目を覚ました男の胸の上に乗っている一匹の猫。その猫が語り始めたのは、どこかの国の戦争が終わったという話。 猫が人の言葉を話す時点で摩訶不思議なのですが、その話の内容も負けず劣らず摩訶不思議。戦争が終わったと宣言した王は兵士に突然討たれ、誰も乗っていない馬が町の広場に現われ、さら...

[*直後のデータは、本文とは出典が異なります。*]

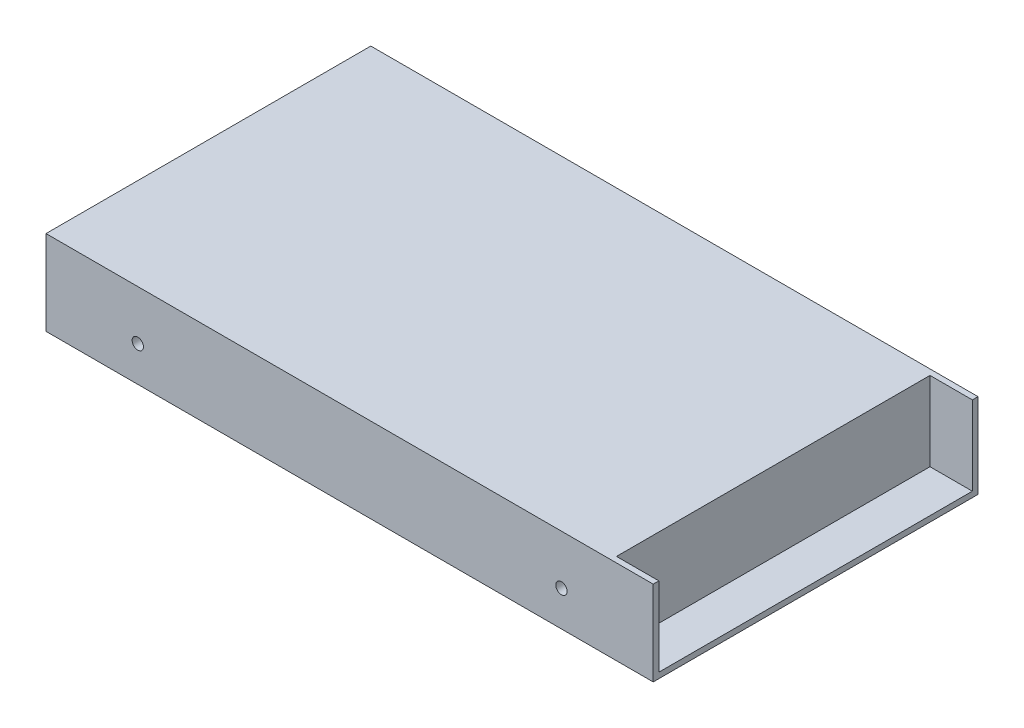
ISO-10303-21;
HEADER;
FILE_DESCRIPTION(('STEP AP214'),'2;1');
FILE_NAME('part.step','',(''),(''),'','','');
FILE_SCHEMA(('AUTOMOTIVE_DESIGN { 1 0 10303 214 1 1 1 1 }'));
ENDSEC;
DATA;
#1=APPLICATION_CONTEXT('core data for automotive mechanical design processes');
#2=APPLICATION_PROTOCOL_DEFINITION('international standard','automotive_design',2000,#1);
#3=PRODUCT_CONTEXT('',#1,'mechanical');
#4=PRODUCT('Part','Part','',(#3));
#5=PRODUCT_RELATED_PRODUCT_CATEGORY('part','',(#4));
#6=PRODUCT_DEFINITION_FORMATION('','',#4);
#7=PRODUCT_DEFINITION_CONTEXT('part definition',#1,'design');
#8=PRODUCT_DEFINITION('design','',#6,#7);
#9=PRODUCT_DEFINITION_SHAPE('','',#8);
#10=(LENGTH_UNIT() NAMED_UNIT(*) SI_UNIT(.MILLI.,.METRE.));
#11=(NAMED_UNIT(*) PLANE_ANGLE_UNIT() SI_UNIT($,.RADIAN.));
#12=(NAMED_UNIT(*) SI_UNIT($,.STERADIAN.) SOLID_ANGLE_UNIT());
#13=UNCERTAINTY_MEASURE_WITH_UNIT(LENGTH_MEASURE(1.E-05),#10,'distance_accuracy_value','');
#14=(GEOMETRIC_REPRESENTATION_CONTEXT(3) GLOBAL_UNCERTAINTY_ASSIGNED_CONTEXT((#13)) GLOBAL_UNIT_ASSIGNED_CONTEXT((#10,
#11,#12)) REPRESENTATION_CONTEXT('',''));
#15=CARTESIAN_POINT('',(0.,0.,0.));
#16=DIRECTION('',(0.,0.,1.));
#17=DIRECTION('',(1.,0.,0.));
#18=AXIS2_PLACEMENT_3D('',#15,#16,#17);
#19=CARTESIAN_POINT('',(107.5,30.,57.5));
#20=DIRECTION('',(-1.,0.,0.));
#21=DIRECTION('',(0.,0.,1.));
#22=AXIS2_PLACEMENT_3D('',#19,#20,#21);
#23=PLANE('',#22);
#24=DIRECTION('',(0.,0.,-1.));
#25=VECTOR('',#24,1.);
#26=CARTESIAN_POINT('',(107.5,30.,57.5));
#27=LINE('',#26,#25);
#28=CARTESIAN_POINT('',(107.5,30.,-55.5));
#29=VERTEX_POINT('',#28);
#30=CARTESIAN_POINT('',(107.5,30.,-57.5));
#31=VERTEX_POINT('',#30);
#32=EDGE_CURVE('E87',#29,#31,#27,.T.);
#33=ORIENTED_EDGE('',*,*,#32,.F.);
#34=DIRECTION('',(0.,1.,0.));
#35=VECTOR('',#34,1.);
#36=CARTESIAN_POINT('',(107.5,-112.008928215567,-55.5));
#37=LINE('',#36,#35);
#38=CARTESIAN_POINT('',(107.5,2.,-55.5));
#39=VERTEX_POINT('',#38);
#40=EDGE_CURVE('E136',#39,#29,#37,.T.);
#41=ORIENTED_EDGE('',*,*,#40,.F.);
#42=DIRECTION('',(0.,0.,-1.));
#43=VECTOR('',#42,1.);
#44=CARTESIAN_POINT('',(107.5,2.,-55.5));
#45=LINE('',#44,#43);
#46=CARTESIAN_POINT('',(107.5,2.,55.5));
#47=VERTEX_POINT('',#46);
#48=EDGE_CURVE('E127',#47,#39,#45,.T.);
#49=ORIENTED_EDGE('',*,*,#48,.F.);
#50=DIRECTION('',(0.,1.,0.));
#51=VECTOR('',#50,1.);
#52=CARTESIAN_POINT('',(107.5,-112.008928215567,55.5));
#53=LINE('',#52,#51);
#54=CARTESIAN_POINT('',(107.5,30.,55.5));
#55=VERTEX_POINT('',#54);
#56=EDGE_CURVE('E137',#47,#55,#53,.T.);
#57=ORIENTED_EDGE('',*,*,#56,.T.);
#58=CARTESIAN_POINT('',(107.5,30.,57.5));
#59=VERTEX_POINT('',#58);
#60=EDGE_CURVE('E145',#59,#55,#27,.T.);
#61=ORIENTED_EDGE('',*,*,#60,.F.);
#62=DIRECTION('',(0.,-1.,0.));
#63=VECTOR('',#62,1.);
#64=CARTESIAN_POINT('',(107.5,30.,57.5));
#65=LINE('',#64,#63);
#66=CARTESIAN_POINT('',(107.5,0.,57.5));
#67=VERTEX_POINT('',#66);
#68=EDGE_CURVE('E152',#59,#67,#65,.T.);
#69=ORIENTED_EDGE('',*,*,#68,.T.);
#70=DIRECTION('',(0.,0.,-1.));
#71=VECTOR('',#70,1.);
#72=CARTESIAN_POINT('',(107.5,0.,57.5));
#73=LINE('',#72,#71);
#74=CARTESIAN_POINT('',(107.5,0.,-57.5));
#75=VERTEX_POINT('',#74);
#76=EDGE_CURVE('E144',#67,#75,#73,.T.);
#77=ORIENTED_EDGE('',*,*,#76,.T.);
#78=DIRECTION('',(0.,-1.,0.));
#79=VECTOR('',#78,1.);
#80=CARTESIAN_POINT('',(107.5,30.,-57.5));
#81=LINE('',#80,#79);
#82=EDGE_CURVE('E12',#31,#75,#81,.T.);
#83=ORIENTED_EDGE('',*,*,#82,.F.);
#84=EDGE_LOOP('',(#33,#41,#49,#57,#61,#69,#77,#83));
#85=FACE_BOUND('',#84,.T.);
#86=ADVANCED_FACE('F36',(#85),#23,.F.);
#87=CARTESIAN_POINT('',(-107.5,30.,-57.5));
#88=DIRECTION('',(0.,0.,1.));
#89=DIRECTION('',(1.,0.,0.));
#90=AXIS2_PLACEMENT_3D('',#87,#88,#89);
#91=PLANE('',#90);
#92=CARTESIAN_POINT('',(75.,12.5,-57.5));
#93=DIRECTION('',(0.,0.,-1.));
#94=DIRECTION('',(-1.,0.,0.));
#95=AXIS2_PLACEMENT_3D('',#92,#93,#94);
#96=CIRCLE('',#95,2.);
#97=CARTESIAN_POINT('',(73.,12.5,-57.5));
#98=VERTEX_POINT('',#97);
#99=EDGE_CURVE('E205',#98,#98,#96,.T.);
#100=ORIENTED_EDGE('',*,*,#99,.F.);
#101=EDGE_LOOP('',(#100));
#102=FACE_BOUND('',#101,.T.);
#103=CARTESIAN_POINT('',(-75.,12.5,-57.5));
#104=DIRECTION('',(0.,0.,-1.));
#105=DIRECTION('',(-1.,0.,0.));
#106=AXIS2_PLACEMENT_3D('',#103,#104,#105);
#107=CIRCLE('',#106,2.);
#108=CARTESIAN_POINT('',(-77.,12.5,-57.5));
#109=VERTEX_POINT('',#108);
#110=EDGE_CURVE('E208',#109,#109,#107,.T.);
#111=ORIENTED_EDGE('',*,*,#110,.F.);
#112=EDGE_LOOP('',(#111));
#113=FACE_BOUND('',#112,.T.);
#114=DIRECTION('',(-1.,0.,0.));
#115=VECTOR('',#114,1.);
#116=CARTESIAN_POINT('',(-107.5,0.,-57.5));
#117=LINE('',#116,#115);
#118=CARTESIAN_POINT('',(-107.5,0.,-57.5));
#119=VERTEX_POINT('',#118);
#120=EDGE_CURVE('E155',#75,#119,#117,.T.);
#121=ORIENTED_EDGE('',*,*,#120,.T.);
#122=DIRECTION('',(0.,-1.,0.));
#123=VECTOR('',#122,1.);
#124=CARTESIAN_POINT('',(-107.5,30.,-57.5));
#125=LINE('',#124,#123);
#126=CARTESIAN_POINT('',(-107.5,30.,-57.5));
#127=VERTEX_POINT('',#126);
#128=EDGE_CURVE('E43',#127,#119,#125,.T.);
#129=ORIENTED_EDGE('',*,*,#128,.F.);
#130=DIRECTION('',(-1.,0.,0.));
#131=VECTOR('',#130,1.);
#132=CARTESIAN_POINT('',(-107.5,30.,-57.5));
#133=LINE('',#132,#131);
#134=EDGE_CURVE('E147',#31,#127,#133,.T.);
#135=ORIENTED_EDGE('',*,*,#134,.F.);
#136=ORIENTED_EDGE('',*,*,#82,.T.);
#137=EDGE_LOOP('',(#121,#129,#135,#136));
#138=FACE_BOUND('',#137,.T.);
#139=ADVANCED_FACE('F188',(#102,#113,#138),#91,.F.);
#140=CARTESIAN_POINT('',(-107.5,30.,57.5));
#141=DIRECTION('',(1.,0.,0.));
#142=DIRECTION('',(0.,0.,-1.));
#143=AXIS2_PLACEMENT_3D('',#140,#141,#142);
#144=PLANE('',#143);
#145=DIRECTION('',(0.,0.,1.));
#146=VECTOR('',#145,1.);
#147=CARTESIAN_POINT('',(-107.5,0.,57.5));
#148=LINE('',#147,#146);
#149=CARTESIAN_POINT('',(-107.5,0.,57.5));
#150=VERTEX_POINT('',#149);
#151=EDGE_CURVE('E157',#119,#150,#148,.T.);
#152=ORIENTED_EDGE('',*,*,#151,.T.);
#153=DIRECTION('',(0.,-1.,0.));
#154=VECTOR('',#153,1.);
#155=CARTESIAN_POINT('',(-107.5,30.,57.5));
#156=LINE('',#155,#154);
#157=CARTESIAN_POINT('',(-107.5,30.,57.5));
#158=VERTEX_POINT('',#157);
#159=EDGE_CURVE('E161',#158,#150,#156,.T.);
#160=ORIENTED_EDGE('',*,*,#159,.F.);
#161=DIRECTION('',(0.,0.,1.));
#162=VECTOR('',#161,1.);
#163=CARTESIAN_POINT('',(-107.5,30.,57.5));
#164=LINE('',#163,#162);
#165=EDGE_CURVE('E149',#127,#158,#164,.T.);
#166=ORIENTED_EDGE('',*,*,#165,.F.);
#167=ORIENTED_EDGE('',*,*,#128,.T.);
#168=EDGE_LOOP('',(#152,#160,#166,#167));
#169=FACE_BOUND('',#168,.T.);
#170=ADVANCED_FACE('F167',(#169),#144,.F.);
#171=CARTESIAN_POINT('',(-107.5,30.,57.5));
#172=DIRECTION('',(0.,0.,-1.));
#173=DIRECTION('',(-1.,0.,0.));
#174=AXIS2_PLACEMENT_3D('',#171,#172,#173);
#175=PLANE('',#174);
#176=CARTESIAN_POINT('',(75.,12.5,57.5));
#177=DIRECTION('',(0.,0.,1.));
#178=DIRECTION('',(1.,0.,0.));
#179=AXIS2_PLACEMENT_3D('',#176,#177,#178);
#180=CIRCLE('',#179,2.);
#181=CARTESIAN_POINT('',(77.,12.5,57.5));
#182=VERTEX_POINT('',#181);
#183=EDGE_CURVE('E219',#182,#182,#180,.T.);
#184=ORIENTED_EDGE('',*,*,#183,.F.);
#185=EDGE_LOOP('',(#184));
#186=FACE_BOUND('',#185,.T.);
#187=CARTESIAN_POINT('',(-75.,12.5,57.5));
#188=DIRECTION('',(0.,0.,1.));
#189=DIRECTION('',(1.,0.,0.));
#190=AXIS2_PLACEMENT_3D('',#187,#188,#189);
#191=CIRCLE('',#190,2.);
#192=CARTESIAN_POINT('',(-73.,12.5,57.5));
#193=VERTEX_POINT('',#192);
#194=EDGE_CURVE('E212',#193,#193,#191,.T.);
#195=ORIENTED_EDGE('',*,*,#194,.F.);
#196=EDGE_LOOP('',(#195));
#197=FACE_BOUND('',#196,.T.);
#198=DIRECTION('',(1.,0.,0.));
#199=VECTOR('',#198,1.);
#200=CARTESIAN_POINT('',(-107.5,0.,57.5));
#201=LINE('',#200,#199);
#202=EDGE_CURVE('E80',#150,#67,#201,.T.);
#203=ORIENTED_EDGE('',*,*,#202,.T.);
#204=ORIENTED_EDGE('',*,*,#68,.F.);
#205=DIRECTION('',(1.,0.,0.));
#206=VECTOR('',#205,1.);
#207=CARTESIAN_POINT('',(-107.5,30.,57.5));
#208=LINE('',#207,#206);
#209=EDGE_CURVE('E59',#158,#59,#208,.T.);
#210=ORIENTED_EDGE('',*,*,#209,.F.);
#211=ORIENTED_EDGE('',*,*,#159,.T.);
#212=EDGE_LOOP('',(#203,#204,#210,#211));
#213=FACE_BOUND('',#212,.T.);
#214=ADVANCED_FACE('F176',(#186,#197,#213),#175,.F.);
#215=CARTESIAN_POINT('',(0.,30.,0.));
#216=DIRECTION('',(0.,-1.,0.));
#217=DIRECTION('',(0.,0.,-1.));
#218=AXIS2_PLACEMENT_3D('',#215,#216,#217);
#219=PLANE('',#218);
#220=DIRECTION('',(0.,0.,1.));
#221=VECTOR('',#220,1.);
#222=CARTESIAN_POINT('',(92.5,30.,-55.5));
#223=LINE('',#222,#221);
#224=CARTESIAN_POINT('',(92.5,30.,-55.5));
#225=VERTEX_POINT('',#224);
#226=CARTESIAN_POINT('',(92.5,30.,55.5));
#227=VERTEX_POINT('',#226);
#228=EDGE_CURVE('E50',#225,#227,#223,.T.);
#229=ORIENTED_EDGE('',*,*,#228,.F.);
#230=DIRECTION('',(-1.,0.,0.));
#231=VECTOR('',#230,1.);
#232=CARTESIAN_POINT('',(107.5,30.,-55.5));
#233=LINE('',#232,#231);
#234=EDGE_CURVE('E123',#29,#225,#233,.T.);
#235=ORIENTED_EDGE('',*,*,#234,.F.);
#236=ORIENTED_EDGE('',*,*,#32,.T.);
#237=ORIENTED_EDGE('',*,*,#134,.T.);
#238=ORIENTED_EDGE('',*,*,#165,.T.);
#239=ORIENTED_EDGE('',*,*,#209,.T.);
#240=ORIENTED_EDGE('',*,*,#60,.T.);
#241=DIRECTION('',(1.,0.,0.));
#242=VECTOR('',#241,1.);
#243=CARTESIAN_POINT('',(107.5,30.,55.5));
#244=LINE('',#243,#242);
#245=EDGE_CURVE('E129',#227,#55,#244,.T.);
#246=ORIENTED_EDGE('',*,*,#245,.F.);
#247=EDGE_LOOP('',(#229,#235,#236,#237,#238,#239,#240,#246));
#248=FACE_BOUND('',#247,.T.);
#249=ADVANCED_FACE('F178',(#248),#219,.F.);
#250=CARTESIAN_POINT('',(0.,0.,0.));
#251=DIRECTION('',(0.,-1.,0.));
#252=DIRECTION('',(0.,0.,-1.));
#253=AXIS2_PLACEMENT_3D('',#250,#251,#252);
#254=PLANE('',#253);
#255=CARTESIAN_POINT('',(75.,0.,25.));
#256=DIRECTION('',(0.,-1.,0.));
#257=DIRECTION('',(0.,0.,-1.));
#258=AXIS2_PLACEMENT_3D('',#255,#256,#257);
#259=CIRCLE('',#258,2.);
#260=CARTESIAN_POINT('',(75.,0.,23.));
#261=VERTEX_POINT('',#260);
#262=EDGE_CURVE('E230',#261,#261,#259,.T.);
#263=ORIENTED_EDGE('',*,*,#262,.F.);
#264=EDGE_LOOP('',(#263));
#265=FACE_BOUND('',#264,.T.);
#266=CARTESIAN_POINT('',(-75.,0.,25.));
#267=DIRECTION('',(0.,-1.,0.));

目を覚ました男の胸の上に乗っている一匹の猫。その猫が語り始めたのは、どこかの国の戦争が終わったという話。 猫が人の言葉を話す時点で摩訶不思議なのですが、その話の内容も負けず劣らず摩訶不思議。戦争が終わったと宣言した王は兵士に突然討たれ、誰も乗っていない馬が町の広場に現われ、さらにこの世界には、クーパーという謎の怪物がいて、その怪物との戦いに向かった兵士は”透明”になってしまうという。 さらに語り手の猫は、鼠に捕まってしまい、そこでもまたおかしな話を聞かされて…… この話はファンタジーなのか、と思いつつも、この猫の話を聞く男が、役所の職員で浮気された直後で、さらには株取引が趣味という、ファンタジー感の欠片もない設定。読んでいる間、この話はどこに向かっていくのか、と探り探り読んでいきました。 物語の終盤の種明かしは圧巻の一言! 伏線を張っているのは、薄々感じるところはあったものの、それがどう回収されるのかは見当もつかず。そして、終盤物語の意味が明らかになると伏線はもちろん、世界観の構築、登場人物たちの行動、すべてが一気につながってくるのです。 「木を見て森を見ず」という言い回しはよく使われますが、この作品はまさにそんな感じ。伏線や登場人物たちの行動を描くのに猫の視点はうってつけだな、と感じます。神の視点のようにすべてを提示する必要もなく、一方で人間の思考や行動の制限がはいることもない。 そんな視点を使って部分部分を絶妙に見せつつ、物語の全体像が分かった瞬間に全てがストンと腑に落ちるよう作られています。不可解なものたちが一気に繋がる、まさに伊坂マジックといわざるを得ません。この爽快感はかなりのものでした。 そうした伏線回収や作品に仕掛けられたサプライズもさることながら、この物語の持つ意味もなかなかに考えさせられます。国と国の関係、国家と個人、対外的なものへの恐怖、狭められた視界。いずれも今の世界や、国と自分たちのあり方を考えさせるものであり、寓話的な側面も感じられます。 そして、猫のトムの語り口もユニーク! 友人の猫たちとジャンプ勝負をしたり、尻尾の動きを気にしたり、鼠を追いかける描写なんかは、本当に猫が語っているかのよう。 改めて考えてみるととんでもない物語なのですが、先に書いたようにそれを伊坂マジックが可能にしてしまった、そんな小説だったように思います。伊坂さんの作品を読むのはかなり久しぶりだったのですが、物語も語り口もとてもユニークで、読後感は爽やか。そして巧みに作り上げられた作品に感じました。